(Data shown Opens)

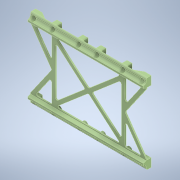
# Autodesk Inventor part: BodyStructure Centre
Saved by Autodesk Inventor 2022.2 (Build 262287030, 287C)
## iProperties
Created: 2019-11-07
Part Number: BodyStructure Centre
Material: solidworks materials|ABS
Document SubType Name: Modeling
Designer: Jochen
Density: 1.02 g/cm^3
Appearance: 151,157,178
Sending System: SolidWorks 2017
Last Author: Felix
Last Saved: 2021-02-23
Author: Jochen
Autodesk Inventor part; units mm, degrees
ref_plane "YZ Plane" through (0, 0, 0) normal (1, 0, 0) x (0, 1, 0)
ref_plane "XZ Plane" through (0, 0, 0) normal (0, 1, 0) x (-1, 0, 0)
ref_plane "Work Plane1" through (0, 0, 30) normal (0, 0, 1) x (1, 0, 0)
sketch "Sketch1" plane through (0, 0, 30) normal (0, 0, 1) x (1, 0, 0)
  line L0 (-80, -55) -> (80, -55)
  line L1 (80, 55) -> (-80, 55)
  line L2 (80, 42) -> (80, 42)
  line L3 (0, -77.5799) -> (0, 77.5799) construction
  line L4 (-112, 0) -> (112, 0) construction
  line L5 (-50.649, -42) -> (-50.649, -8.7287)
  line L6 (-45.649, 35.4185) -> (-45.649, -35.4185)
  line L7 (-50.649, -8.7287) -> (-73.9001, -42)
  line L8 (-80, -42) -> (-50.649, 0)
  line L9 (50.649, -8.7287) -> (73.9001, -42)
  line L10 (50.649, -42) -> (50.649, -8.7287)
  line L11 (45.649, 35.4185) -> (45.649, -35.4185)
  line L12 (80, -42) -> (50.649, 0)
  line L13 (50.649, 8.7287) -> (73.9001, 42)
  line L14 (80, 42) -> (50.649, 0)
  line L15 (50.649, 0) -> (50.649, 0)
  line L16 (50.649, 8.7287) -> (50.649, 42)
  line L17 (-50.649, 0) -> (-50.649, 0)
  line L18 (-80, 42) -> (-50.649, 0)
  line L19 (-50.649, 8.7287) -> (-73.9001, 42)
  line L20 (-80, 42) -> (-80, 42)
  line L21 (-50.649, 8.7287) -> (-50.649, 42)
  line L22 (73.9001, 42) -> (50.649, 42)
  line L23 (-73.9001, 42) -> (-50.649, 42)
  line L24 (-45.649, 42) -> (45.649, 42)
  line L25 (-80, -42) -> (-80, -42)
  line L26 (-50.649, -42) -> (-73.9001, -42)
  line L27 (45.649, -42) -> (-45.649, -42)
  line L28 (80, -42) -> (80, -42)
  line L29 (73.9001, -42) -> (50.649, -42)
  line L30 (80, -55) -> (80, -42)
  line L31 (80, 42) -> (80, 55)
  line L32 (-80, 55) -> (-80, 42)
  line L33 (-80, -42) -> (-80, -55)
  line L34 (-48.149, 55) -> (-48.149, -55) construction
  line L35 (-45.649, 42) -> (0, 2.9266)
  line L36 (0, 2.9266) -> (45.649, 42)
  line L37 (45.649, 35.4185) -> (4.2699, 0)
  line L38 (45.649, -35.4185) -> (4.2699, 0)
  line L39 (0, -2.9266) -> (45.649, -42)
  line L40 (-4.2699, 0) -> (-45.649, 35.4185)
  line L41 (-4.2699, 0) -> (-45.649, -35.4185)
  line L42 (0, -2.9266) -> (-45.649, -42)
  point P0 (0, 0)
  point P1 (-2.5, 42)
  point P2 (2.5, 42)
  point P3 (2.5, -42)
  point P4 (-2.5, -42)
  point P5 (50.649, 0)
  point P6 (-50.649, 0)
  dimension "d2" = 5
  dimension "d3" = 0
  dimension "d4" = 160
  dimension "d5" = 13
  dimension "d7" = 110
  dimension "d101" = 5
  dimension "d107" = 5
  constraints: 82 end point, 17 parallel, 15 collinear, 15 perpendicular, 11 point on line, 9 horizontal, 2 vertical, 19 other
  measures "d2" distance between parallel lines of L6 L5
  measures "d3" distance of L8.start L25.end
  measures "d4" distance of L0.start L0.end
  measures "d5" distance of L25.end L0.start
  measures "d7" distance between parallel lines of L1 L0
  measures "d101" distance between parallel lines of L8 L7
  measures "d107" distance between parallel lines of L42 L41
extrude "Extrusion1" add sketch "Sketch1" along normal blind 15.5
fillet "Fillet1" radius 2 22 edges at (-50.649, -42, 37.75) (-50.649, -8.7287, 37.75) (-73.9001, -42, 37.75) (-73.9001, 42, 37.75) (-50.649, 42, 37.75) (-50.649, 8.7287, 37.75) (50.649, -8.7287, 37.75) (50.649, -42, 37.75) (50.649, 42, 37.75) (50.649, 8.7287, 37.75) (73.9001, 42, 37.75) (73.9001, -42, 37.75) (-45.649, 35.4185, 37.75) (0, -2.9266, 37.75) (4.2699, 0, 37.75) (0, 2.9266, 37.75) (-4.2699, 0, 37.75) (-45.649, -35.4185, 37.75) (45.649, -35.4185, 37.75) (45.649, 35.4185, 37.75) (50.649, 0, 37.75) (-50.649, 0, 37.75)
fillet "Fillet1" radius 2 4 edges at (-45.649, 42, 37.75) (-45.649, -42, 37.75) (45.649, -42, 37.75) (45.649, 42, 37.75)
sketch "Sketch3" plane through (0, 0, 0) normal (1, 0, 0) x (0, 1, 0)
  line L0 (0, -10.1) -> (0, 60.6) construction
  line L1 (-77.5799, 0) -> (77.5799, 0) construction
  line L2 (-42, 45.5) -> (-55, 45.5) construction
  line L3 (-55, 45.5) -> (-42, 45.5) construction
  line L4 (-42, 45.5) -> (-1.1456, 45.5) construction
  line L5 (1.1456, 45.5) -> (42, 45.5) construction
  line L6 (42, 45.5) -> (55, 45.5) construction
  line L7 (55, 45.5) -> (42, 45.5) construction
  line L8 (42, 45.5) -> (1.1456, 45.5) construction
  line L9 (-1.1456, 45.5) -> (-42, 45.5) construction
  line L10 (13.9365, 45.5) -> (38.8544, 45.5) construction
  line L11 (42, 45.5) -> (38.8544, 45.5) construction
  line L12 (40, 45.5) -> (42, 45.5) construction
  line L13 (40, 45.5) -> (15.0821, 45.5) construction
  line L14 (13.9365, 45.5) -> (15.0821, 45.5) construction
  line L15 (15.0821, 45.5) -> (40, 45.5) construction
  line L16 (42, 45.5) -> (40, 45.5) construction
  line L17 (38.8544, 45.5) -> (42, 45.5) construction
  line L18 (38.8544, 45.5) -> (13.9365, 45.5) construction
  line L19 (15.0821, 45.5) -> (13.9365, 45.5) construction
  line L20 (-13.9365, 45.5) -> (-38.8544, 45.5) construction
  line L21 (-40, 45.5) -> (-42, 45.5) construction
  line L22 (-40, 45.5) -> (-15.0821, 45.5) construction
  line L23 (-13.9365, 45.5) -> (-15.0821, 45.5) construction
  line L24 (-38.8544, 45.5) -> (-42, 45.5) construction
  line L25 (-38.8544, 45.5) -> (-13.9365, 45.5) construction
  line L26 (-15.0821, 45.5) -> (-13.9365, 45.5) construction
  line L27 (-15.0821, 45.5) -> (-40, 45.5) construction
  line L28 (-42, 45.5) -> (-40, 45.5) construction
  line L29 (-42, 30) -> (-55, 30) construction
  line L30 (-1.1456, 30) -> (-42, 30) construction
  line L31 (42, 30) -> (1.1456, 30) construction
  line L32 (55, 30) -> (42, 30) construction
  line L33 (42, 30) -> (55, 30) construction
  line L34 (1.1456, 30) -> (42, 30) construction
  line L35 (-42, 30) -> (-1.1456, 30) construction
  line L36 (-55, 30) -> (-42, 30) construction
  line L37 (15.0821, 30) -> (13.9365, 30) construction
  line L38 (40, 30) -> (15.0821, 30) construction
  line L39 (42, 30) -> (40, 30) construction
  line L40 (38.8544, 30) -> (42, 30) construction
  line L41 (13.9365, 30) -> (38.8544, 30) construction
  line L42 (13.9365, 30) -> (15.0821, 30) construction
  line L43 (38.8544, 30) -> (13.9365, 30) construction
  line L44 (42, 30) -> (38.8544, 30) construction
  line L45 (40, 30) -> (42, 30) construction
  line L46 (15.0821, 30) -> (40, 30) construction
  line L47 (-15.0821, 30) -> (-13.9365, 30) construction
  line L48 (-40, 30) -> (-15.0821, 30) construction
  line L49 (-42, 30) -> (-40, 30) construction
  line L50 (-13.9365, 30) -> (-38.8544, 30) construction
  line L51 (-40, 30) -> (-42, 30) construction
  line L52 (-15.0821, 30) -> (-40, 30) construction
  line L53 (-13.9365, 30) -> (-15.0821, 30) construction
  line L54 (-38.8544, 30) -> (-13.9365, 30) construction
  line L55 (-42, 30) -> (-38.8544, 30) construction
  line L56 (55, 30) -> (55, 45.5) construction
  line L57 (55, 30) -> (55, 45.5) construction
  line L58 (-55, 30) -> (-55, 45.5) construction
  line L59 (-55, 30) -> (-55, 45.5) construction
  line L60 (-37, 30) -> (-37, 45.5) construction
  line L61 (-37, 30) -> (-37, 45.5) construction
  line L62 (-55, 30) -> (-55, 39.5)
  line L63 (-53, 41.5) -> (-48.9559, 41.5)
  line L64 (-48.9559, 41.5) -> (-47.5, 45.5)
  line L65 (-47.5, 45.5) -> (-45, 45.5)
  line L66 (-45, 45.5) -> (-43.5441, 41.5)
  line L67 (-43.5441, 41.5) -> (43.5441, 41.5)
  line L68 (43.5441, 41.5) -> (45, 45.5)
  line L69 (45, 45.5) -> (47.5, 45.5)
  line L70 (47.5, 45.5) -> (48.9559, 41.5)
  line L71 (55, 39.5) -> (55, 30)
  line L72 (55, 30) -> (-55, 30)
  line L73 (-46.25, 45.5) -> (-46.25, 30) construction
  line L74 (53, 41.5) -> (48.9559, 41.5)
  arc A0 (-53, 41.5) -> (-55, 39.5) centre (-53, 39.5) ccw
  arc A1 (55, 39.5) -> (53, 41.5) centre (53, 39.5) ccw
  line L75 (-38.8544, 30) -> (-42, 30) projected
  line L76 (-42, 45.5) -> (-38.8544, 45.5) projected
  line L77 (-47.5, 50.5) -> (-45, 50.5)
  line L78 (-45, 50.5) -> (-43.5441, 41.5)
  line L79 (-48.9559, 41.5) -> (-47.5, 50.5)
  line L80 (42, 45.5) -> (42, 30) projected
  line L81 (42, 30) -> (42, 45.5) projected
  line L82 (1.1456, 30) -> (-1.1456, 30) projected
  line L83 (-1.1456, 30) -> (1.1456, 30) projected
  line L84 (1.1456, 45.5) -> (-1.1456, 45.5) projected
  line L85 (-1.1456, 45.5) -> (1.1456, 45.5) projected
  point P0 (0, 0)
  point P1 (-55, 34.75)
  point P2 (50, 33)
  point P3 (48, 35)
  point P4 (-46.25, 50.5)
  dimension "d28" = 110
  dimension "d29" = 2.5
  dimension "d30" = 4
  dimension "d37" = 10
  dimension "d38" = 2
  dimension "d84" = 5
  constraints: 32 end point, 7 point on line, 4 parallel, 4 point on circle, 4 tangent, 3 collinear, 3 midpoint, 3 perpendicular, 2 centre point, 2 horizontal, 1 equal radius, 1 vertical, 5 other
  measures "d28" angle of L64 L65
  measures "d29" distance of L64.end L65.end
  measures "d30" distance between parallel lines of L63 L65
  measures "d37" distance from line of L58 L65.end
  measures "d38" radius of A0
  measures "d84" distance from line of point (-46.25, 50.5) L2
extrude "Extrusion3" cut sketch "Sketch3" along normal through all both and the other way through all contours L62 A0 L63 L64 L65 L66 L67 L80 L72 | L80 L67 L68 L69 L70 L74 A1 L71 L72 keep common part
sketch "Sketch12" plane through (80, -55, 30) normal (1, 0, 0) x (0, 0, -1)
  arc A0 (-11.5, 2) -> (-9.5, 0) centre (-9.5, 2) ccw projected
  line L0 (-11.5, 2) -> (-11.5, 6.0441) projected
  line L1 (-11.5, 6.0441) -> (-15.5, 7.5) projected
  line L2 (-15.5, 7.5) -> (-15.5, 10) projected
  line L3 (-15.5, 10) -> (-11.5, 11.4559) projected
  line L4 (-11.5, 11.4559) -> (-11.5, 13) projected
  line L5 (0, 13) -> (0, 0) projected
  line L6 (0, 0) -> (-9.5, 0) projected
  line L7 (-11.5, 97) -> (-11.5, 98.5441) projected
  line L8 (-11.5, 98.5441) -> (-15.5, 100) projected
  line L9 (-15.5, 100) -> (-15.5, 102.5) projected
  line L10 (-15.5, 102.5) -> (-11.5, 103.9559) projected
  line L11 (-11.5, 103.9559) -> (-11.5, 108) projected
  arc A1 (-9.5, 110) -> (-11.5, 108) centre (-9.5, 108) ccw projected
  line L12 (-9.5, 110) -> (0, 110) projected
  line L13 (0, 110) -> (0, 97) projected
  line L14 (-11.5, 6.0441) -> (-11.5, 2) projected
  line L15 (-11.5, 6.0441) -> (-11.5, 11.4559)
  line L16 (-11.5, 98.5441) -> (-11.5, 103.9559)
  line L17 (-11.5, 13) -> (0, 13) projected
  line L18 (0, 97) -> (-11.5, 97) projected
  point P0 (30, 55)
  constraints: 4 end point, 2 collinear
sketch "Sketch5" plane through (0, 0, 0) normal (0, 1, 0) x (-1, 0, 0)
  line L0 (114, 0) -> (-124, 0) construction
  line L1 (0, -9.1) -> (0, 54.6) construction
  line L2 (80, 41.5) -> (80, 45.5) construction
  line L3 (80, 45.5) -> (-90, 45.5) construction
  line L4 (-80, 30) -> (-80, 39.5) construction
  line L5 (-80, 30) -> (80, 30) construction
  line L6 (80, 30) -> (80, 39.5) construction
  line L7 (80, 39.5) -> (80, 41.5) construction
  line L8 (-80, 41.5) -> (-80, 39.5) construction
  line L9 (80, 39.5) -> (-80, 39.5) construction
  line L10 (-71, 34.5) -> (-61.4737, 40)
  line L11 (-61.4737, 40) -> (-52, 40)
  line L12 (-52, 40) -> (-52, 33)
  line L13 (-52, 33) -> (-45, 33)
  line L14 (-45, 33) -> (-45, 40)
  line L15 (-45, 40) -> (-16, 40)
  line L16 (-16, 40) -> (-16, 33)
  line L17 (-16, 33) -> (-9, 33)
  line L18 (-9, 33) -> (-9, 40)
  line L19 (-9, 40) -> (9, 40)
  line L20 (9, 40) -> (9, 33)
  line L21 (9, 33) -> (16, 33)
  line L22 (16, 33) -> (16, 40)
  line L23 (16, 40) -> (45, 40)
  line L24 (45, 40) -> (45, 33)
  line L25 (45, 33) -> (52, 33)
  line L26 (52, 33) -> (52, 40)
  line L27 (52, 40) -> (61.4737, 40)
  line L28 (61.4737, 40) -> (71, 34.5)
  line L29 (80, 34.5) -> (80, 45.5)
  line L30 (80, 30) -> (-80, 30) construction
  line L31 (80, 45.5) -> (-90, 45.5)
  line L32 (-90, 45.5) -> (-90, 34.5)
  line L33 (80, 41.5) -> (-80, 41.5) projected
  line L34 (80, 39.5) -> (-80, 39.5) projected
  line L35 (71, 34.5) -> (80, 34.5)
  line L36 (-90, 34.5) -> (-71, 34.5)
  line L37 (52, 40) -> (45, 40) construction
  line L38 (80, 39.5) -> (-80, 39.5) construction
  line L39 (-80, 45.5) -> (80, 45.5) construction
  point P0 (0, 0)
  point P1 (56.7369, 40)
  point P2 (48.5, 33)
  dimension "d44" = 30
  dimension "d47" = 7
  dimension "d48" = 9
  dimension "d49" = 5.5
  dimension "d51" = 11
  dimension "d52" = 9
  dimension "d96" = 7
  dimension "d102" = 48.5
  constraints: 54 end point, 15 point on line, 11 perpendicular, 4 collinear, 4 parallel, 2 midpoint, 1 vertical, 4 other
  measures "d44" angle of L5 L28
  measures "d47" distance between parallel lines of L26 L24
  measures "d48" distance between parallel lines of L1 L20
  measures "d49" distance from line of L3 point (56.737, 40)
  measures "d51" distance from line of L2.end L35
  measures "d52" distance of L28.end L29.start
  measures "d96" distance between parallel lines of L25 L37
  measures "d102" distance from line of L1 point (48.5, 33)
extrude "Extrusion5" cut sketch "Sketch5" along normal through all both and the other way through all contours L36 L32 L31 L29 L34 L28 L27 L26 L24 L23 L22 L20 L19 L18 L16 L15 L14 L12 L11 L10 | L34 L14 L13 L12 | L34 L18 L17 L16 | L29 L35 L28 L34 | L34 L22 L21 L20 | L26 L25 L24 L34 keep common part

(Data shown Closes)

:: The task ::
Here the output must be the lines above from the line with "line L60 (-37, 30)" to the line with "arc A0 (-53, 41.5)", both included, duplicated word for word and nothing else.

:: Result of this exercise ::
  line L60 (-37, 30) -> (-37, 45.5) construction
  line L61 (-37, 30) -> (-37, 45.5) construction
  line L62 (-55, 30) -> (-55, 39.5)
  line L63 (-53, 41.5) -> (-48.9559, 41.5)
  line L64 (-48.9559, 41.5) -> (-47.5, 45.5)
  line L65 (-47.5, 45.5) -> (-45, 45.5)
  line L66 (-45, 45.5) -> (-43.5441, 41.5)
  line L67 (-43.5441, 41.5) -> (43.5441, 41.5)
  line L68 (43.5441, 41.5) -> (45, 45.5)
  line L69 (45, 45.5) -> (47.5, 45.5)
  line L70 (47.5, 45.5) -> (48.9559, 41.5)
  line L71 (55, 39.5) -> (55, 30)
  line L72 (55, 30) -> (-55, 30)
  line L73 (-46.25, 45.5) -> (-46.25, 30) construction
  line L74 (53, 41.5) -> (48.9559, 41.5)
  arc A0 (-53, 41.5) -> (-55, 39.5) centre (-53, 39.5) ccw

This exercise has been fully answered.